Data from nearly 149,000 people in the U.K. was reviewed and presented in an abstract to the AACR.  The data was obtained using the UK Biobank database, which houses “de-identified medical and genetic data from half a million volunteer participants,” according to its website.

According to the abstract, the researchers “calculated each participant’s biological age using nine biomarkers found in blood.”  Biological aging occurs, according to the National Center for Biotechnology Information, “as a person gradually accumulates damages to various cells.”

They report that “people born in or after 1965 had a 17% higher likelihood of accelerated aging than those born between 1950 and 1954.”

“Multiple cancer types are becoming increasingly common among younger adults in the United States and globally,” said Ruiyi Tian, MPH, a graduate student in the lab of Yin Cao, ScD, MPH at Washington University School of Medicine in St. Louis and a study author.

“Understanding the factors driving this increase will be key to improving the prevention or early detection of cancers in younger and future generations.”

Are biological and chronological age supposed to be the same?

Cancer investigator Dr. Sheetal Hardikar of the Huntsman Cancer Institute said accelerated aging occurs when your biological age — “how well your body is working” — exceeds your chronological age, which is the age from birth.

And Hardikar said there are several things that could lead to accelerated aging.

“There’s genetics, there is lifestyle factors …(like) smoking behaviors, exercise, alcohol … diet … sleeping, stress,” Hardikar said.

Other factors to consider in accelerated aging include co-morbidities like diabetes, hypertension, or a heart condition.

“All of that affects your biological age,” Hardikar said. “And so your chronological age and biological age may actually not be the same.”

Limitations of the research

She said the abstract presented at the annual meeting in San Diego earlier this month needs to be studied on a broader scale. And, by additional researchers.

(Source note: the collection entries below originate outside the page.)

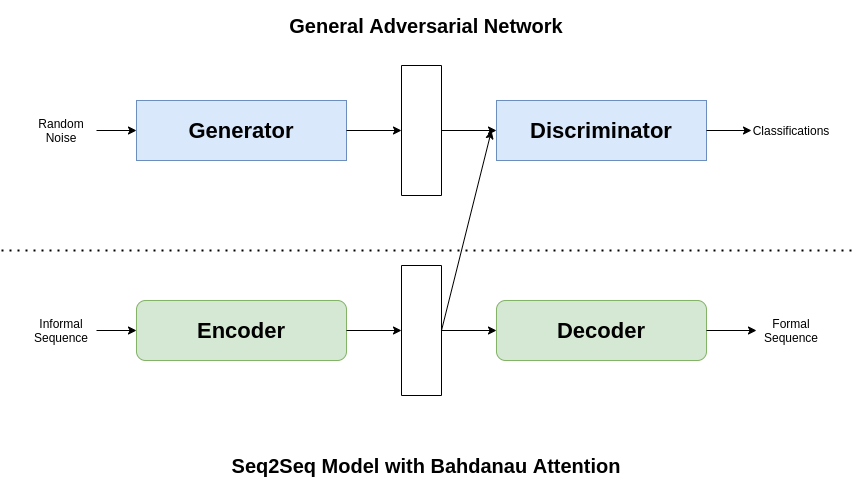

The diagram above was exported from draw.io. Its source (the exported page's mxGraphModel, read from the mxfile embedded in the PNG):
<mxGraphModel dx="2214" dy="801" grid="1" gridSize="10" guides="1" tooltips="1" connect="1" arrows="1" fold="1" page="1" pageScale="1" pageWidth="850" pageHeight="1100" math="0" shadow="0">
  <root>
    <mxCell id="0" />
    <mxCell id="1" parent="0" />
    <mxCell id="CWhiqv9x6osWWz4lBZCt-1" value="&lt;b&gt;&lt;font style=&quot;font-size: 22px&quot;&gt;Encoder&lt;/font&gt;&lt;/b&gt;" style="rounded=1;whiteSpace=wrap;html=1;fillColor=#d5e8d4;strokeColor=#82b366;" vertex="1" parent="1">
      <mxGeometry x="135" y="330" width="210" height="60" as="geometry" />
    </mxCell>
    <mxCell id="CWhiqv9x6osWWz4lBZCt-2" value="" style="endArrow=classic;html=1;exitX=1;exitY=0.5;exitDx=0;exitDy=0;" edge="1" parent="1" source="CWhiqv9x6osWWz4lBZCt-1" target="CWhiqv9x6osWWz4lBZCt-3">
      <mxGeometry width="50" height="50" relative="1" as="geometry">
        <mxPoint x="285" y="360" as="sourcePoint" />
        <mxPoint x="365" y="360" as="targetPoint" />
      </mxGeometry>
    </mxCell>
    <mxCell id="CWhiqv9x6osWWz4lBZCt-3" value="" style="rounded=0;whiteSpace=wrap;html=1;rotation=90;" vertex="1" parent="1">
      <mxGeometry x="355" y="340" width="130" height="40" as="geometry" />
    </mxCell>
    <mxCell id="CWhiqv9x6osWWz4lBZCt-5" value="&lt;font style=&quot;font-size: 22px&quot;&gt;&lt;b&gt;Decoder&lt;/b&gt;&lt;/font&gt;" style="rounded=1;whiteSpace=wrap;html=1;fillColor=#d5e8d4;strokeColor=#82b366;" vertex="1" parent="1">
      <mxGeometry x="495" y="330" width="210" height="60" as="geometry" />
    </mxCell>
    <mxCell id="CWhiqv9x6osWWz4lBZCt-6" value="" style="endArrow=classic;html=1;entryX=0;entryY=0.5;entryDx=0;entryDy=0;exitX=0.5;exitY=0;exitDx=0;exitDy=0;" edge="1" parent="1" source="CWhiqv9x6osWWz4lBZCt-3" target="CWhiqv9x6osWWz4lBZCt-5">
      <mxGeometry width="50" height="50" relative="1" as="geometry">
        <mxPoint x="430" y="369.5" as="sourcePoint" />
        <mxPoint x="510" y="369.5" as="targetPoint" />
      </mxGeometry>
    </mxCell>
    <mxCell id="CWhiqv9x6osWWz4lBZCt-7" value="" style="endArrow=none;dashed=1;html=1;dashPattern=1 3;strokeWidth=2;" edge="1" parent="1">
      <mxGeometry width="50" height="50" relative="1" as="geometry">
        <mxPoint y="280" as="sourcePoint" />
        <mxPoint x="850" y="280" as="targetPoint" />
      </mxGeometry>
    </mxCell>
    <mxCell id="CWhiqv9x6osWWz4lBZCt-12" style="edgeStyle=orthogonalEdgeStyle;rounded=0;orthogonalLoop=1;jettySize=auto;html=1;exitX=1;exitY=0.5;exitDx=0;exitDy=0;entryX=0;entryY=0.5;entryDx=0;entryDy=0;strokeColor=#000000;" edge="1" parent="1" source="CWhiqv9x6osWWz4lBZCt-8" target="CWhiqv9x6osWWz4lBZCt-1">
      <mxGeometry relative="1" as="geometry" />
    </mxCell>
    <mxCell id="CWhiqv9x6osWWz4lBZCt-8" value="Informal Sequence" style="text;html=1;strokeColor=none;fillColor=none;align=center;verticalAlign=middle;whiteSpace=wrap;rounded=0;" vertex="1" parent="1">
      <mxGeometry x="25" y="350" width="70" height="20" as="geometry" />
    </mxCell>
    <mxCell id="CWhiqv9x6osWWz4lBZCt-14" value="Formal Sequence" style="text;html=1;strokeColor=none;fillColor=none;align=center;verticalAlign=middle;whiteSpace=wrap;rounded=0;" vertex="1" parent="1">
      <mxGeometry x="755" y="350" width="70" height="20" as="geometry" />
    </mxCell>
    <mxCell id="CWhiqv9x6osWWz4lBZCt-15" style="edgeStyle=orthogonalEdgeStyle;rounded=0;orthogonalLoop=1;jettySize=auto;html=1;strokeColor=#000000;entryX=0;entryY=0.5;entryDx=0;entryDy=0;" edge="1" parent="1" source="CWhiqv9x6osWWz4lBZCt-5" target="CWhiqv9x6osWWz4lBZCt-14">
      <mxGeometry relative="1" as="geometry">
        <mxPoint x="775" y="350" as="sourcePoint" />
        <mxPoint x="735" y="350" as="targetPoint" />
      </mxGeometry>
    </mxCell>
    <mxCell id="CWhiqv9x6osWWz4lBZCt-16" value="&lt;b&gt;&lt;font style=&quot;font-size: 22px&quot;&gt;Generator&lt;/font&gt;&lt;/b&gt;" style="rounded=0;whiteSpace=wrap;html=1;fillColor=#dae8fc;strokeColor=#6c8ebf;" vertex="1" parent="1">
      <mxGeometry x="135" y="130" width="210" height="60" as="geometry" />
    </mxCell>
    <mxCell id="CWhiqv9x6osWWz4lBZCt-17" value="" style="endArrow=classic;html=1;exitX=1;exitY=0.5;exitDx=0;exitDy=0;" edge="1" source="CWhiqv9x6osWWz4lBZCt-16" target="CWhiqv9x6osWWz4lBZCt-18" parent="1">
      <mxGeometry width="50" height="50" relative="1" as="geometry">
        <mxPoint x="285" y="160" as="sourcePoint" />
        <mxPoint x="365" y="160" as="targetPoint" />
      </mxGeometry>
    </mxCell>
    <mxCell id="CWhiqv9x6osWWz4lBZCt-18" value="" style="rounded=0;whiteSpace=wrap;html=1;rotation=90;" vertex="1" parent="1">
      <mxGeometry x="355" y="140" width="130" height="40" as="geometry" />
    </mxCell>
    <mxCell id="CWhiqv9x6osWWz4lBZCt-19" value="&lt;b&gt;&lt;font style=&quot;font-size: 22px&quot;&gt;Discriminator&lt;/font&gt;&lt;/b&gt;" style="rounded=0;whiteSpace=wrap;html=1;fillColor=#dae8fc;strokeColor=#6c8ebf;" vertex="1" parent="1">
      <mxGeometry x="495" y="130" width="210" height="60" as="geometry" />
    </mxCell>
    <mxCell id="CWhiqv9x6osWWz4lBZCt-20" value="" style="endArrow=classic;html=1;entryX=0;entryY=0.5;entryDx=0;entryDy=0;exitX=0.5;exitY=0;exitDx=0;exitDy=0;" edge="1" source="CWhiqv9x6osWWz4lBZCt-18" target="CWhiqv9x6osWWz4lBZCt-19" parent="1">
      <mxGeometry width="50" height="50" relative="1" as="geometry">
        <mxPoint x="430" y="169.5" as="sourcePoint" />
        <mxPoint x="510" y="169.5" as="targetPoint" />
      </mxGeometry>
    </mxCell>
    <mxCell id="CWhiqv9x6osWWz4lBZCt-21" style="edgeStyle=orthogonalEdgeStyle;rounded=0;orthogonalLoop=1;jettySize=auto;html=1;exitX=1;exitY=0.5;exitDx=0;exitDy=0;entryX=0;entryY=0.5;entryDx=0;entryDy=0;strokeColor=#000000;" edge="1" source="CWhiqv9x6osWWz4lBZCt-22" target="CWhiqv9x6osWWz4lBZCt-16" parent="1">
      <mxGeometry relative="1" as="geometry" />
    </mxCell>
    <mxCell id="CWhiqv9x6osWWz4lBZCt-22" value="Random Noise" style="text;html=1;strokeColor=none;fillColor=none;align=center;verticalAlign=middle;whiteSpace=wrap;rounded=0;" vertex="1" parent="1">
      <mxGeometry x="25" y="150" width="70" height="20" as="geometry" />
    </mxCell>
    <mxCell id="CWhiqv9x6osWWz4lBZCt-23" value="Classifications" style="text;html=1;strokeColor=none;fillColor=none;align=center;verticalAlign=middle;whiteSpace=wrap;rounded=0;" vertex="1" parent="1">
      <mxGeometry x="755" y="150" width="70" height="20" as="geometry" />
    </mxCell>
    <mxCell id="CWhiqv9x6osWWz4lBZCt-24" style="edgeStyle=orthogonalEdgeStyle;rounded=0;orthogonalLoop=1;jettySize=auto;html=1;strokeColor=#000000;" edge="1" source="CWhiqv9x6osWWz4lBZCt-19" parent="1">
      <mxGeometry relative="1" as="geometry">
        <mxPoint x="775" y="150" as="sourcePoint" />
        <mxPoint x="750" y="160" as="targetPoint" />
      </mxGeometry>
    </mxCell>
    <mxCell id="CWhiqv9x6osWWz4lBZCt-25" value="" style="endArrow=classic;html=1;strokeColor=#000000;" edge="1" parent="1">
      <mxGeometry width="50" height="50" relative="1" as="geometry">
        <mxPoint x="440" y="360" as="sourcePoint" />
        <mxPoint x="490" y="160" as="targetPoint" />
      </mxGeometry>
    </mxCell>
    <mxCell id="CWhiqv9x6osWWz4lBZCt-27" value="&lt;b&gt;&lt;font style=&quot;font-size: 20px&quot;&gt;Seq2Seq Model with Bahdanau Attention&lt;/font&gt;&lt;/b&gt;" style="text;html=1;strokeColor=none;fillColor=none;align=center;verticalAlign=middle;whiteSpace=wrap;rounded=0;" vertex="1" parent="1">
      <mxGeometry x="225" y="470" width="400" height="50" as="geometry" />
    </mxCell>
    <mxCell id="CWhiqv9x6osWWz4lBZCt-28" value="&lt;span style=&quot;font-size: 20px&quot;&gt;&lt;b&gt;General Adversarial Network&lt;/b&gt;&lt;/span&gt;" style="text;html=1;strokeColor=none;fillColor=none;align=center;verticalAlign=middle;whiteSpace=wrap;rounded=0;" vertex="1" parent="1">
      <mxGeometry x="225" y="30" width="400" height="50" as="geometry" />
    </mxCell>
  </root>
</mxGraphModel>

“This is not a full-blown published article that has undergone a rigorous peer review by multiple scientists,” Hardikar said.

“Usually, three reviewers will review a manuscript once you submit it to a journal. Then they will really look at the methods very carefully … and whether the interpretation made by the authors makes sense with respect to their methods and results.

U.K. biobank cohort

A “big limitation” said Hardikar, “is that (the research) is based off a well-known cohort called the U.K. Biobank cohort, so it’s only individuals from the United Kingdom.

“We need to be able to replicate similar results in much more diverse populations before we can really draw strong conclusions that accelerated aging may be related to cancers developing earlier,” she said.

How to measure biological age?

Another problem for Hardikar is that  researchers used only one “genetic clock or biological-aging clock to determine the age of study participants.”

“There are multiple other clocks that people have developed to estimate biological age of individuals.”

“There is no consensus in the literature as to which biological aging clock is better,” she said, adding a person’s “biological age may slightly differ based on what biological aging clock you have used.”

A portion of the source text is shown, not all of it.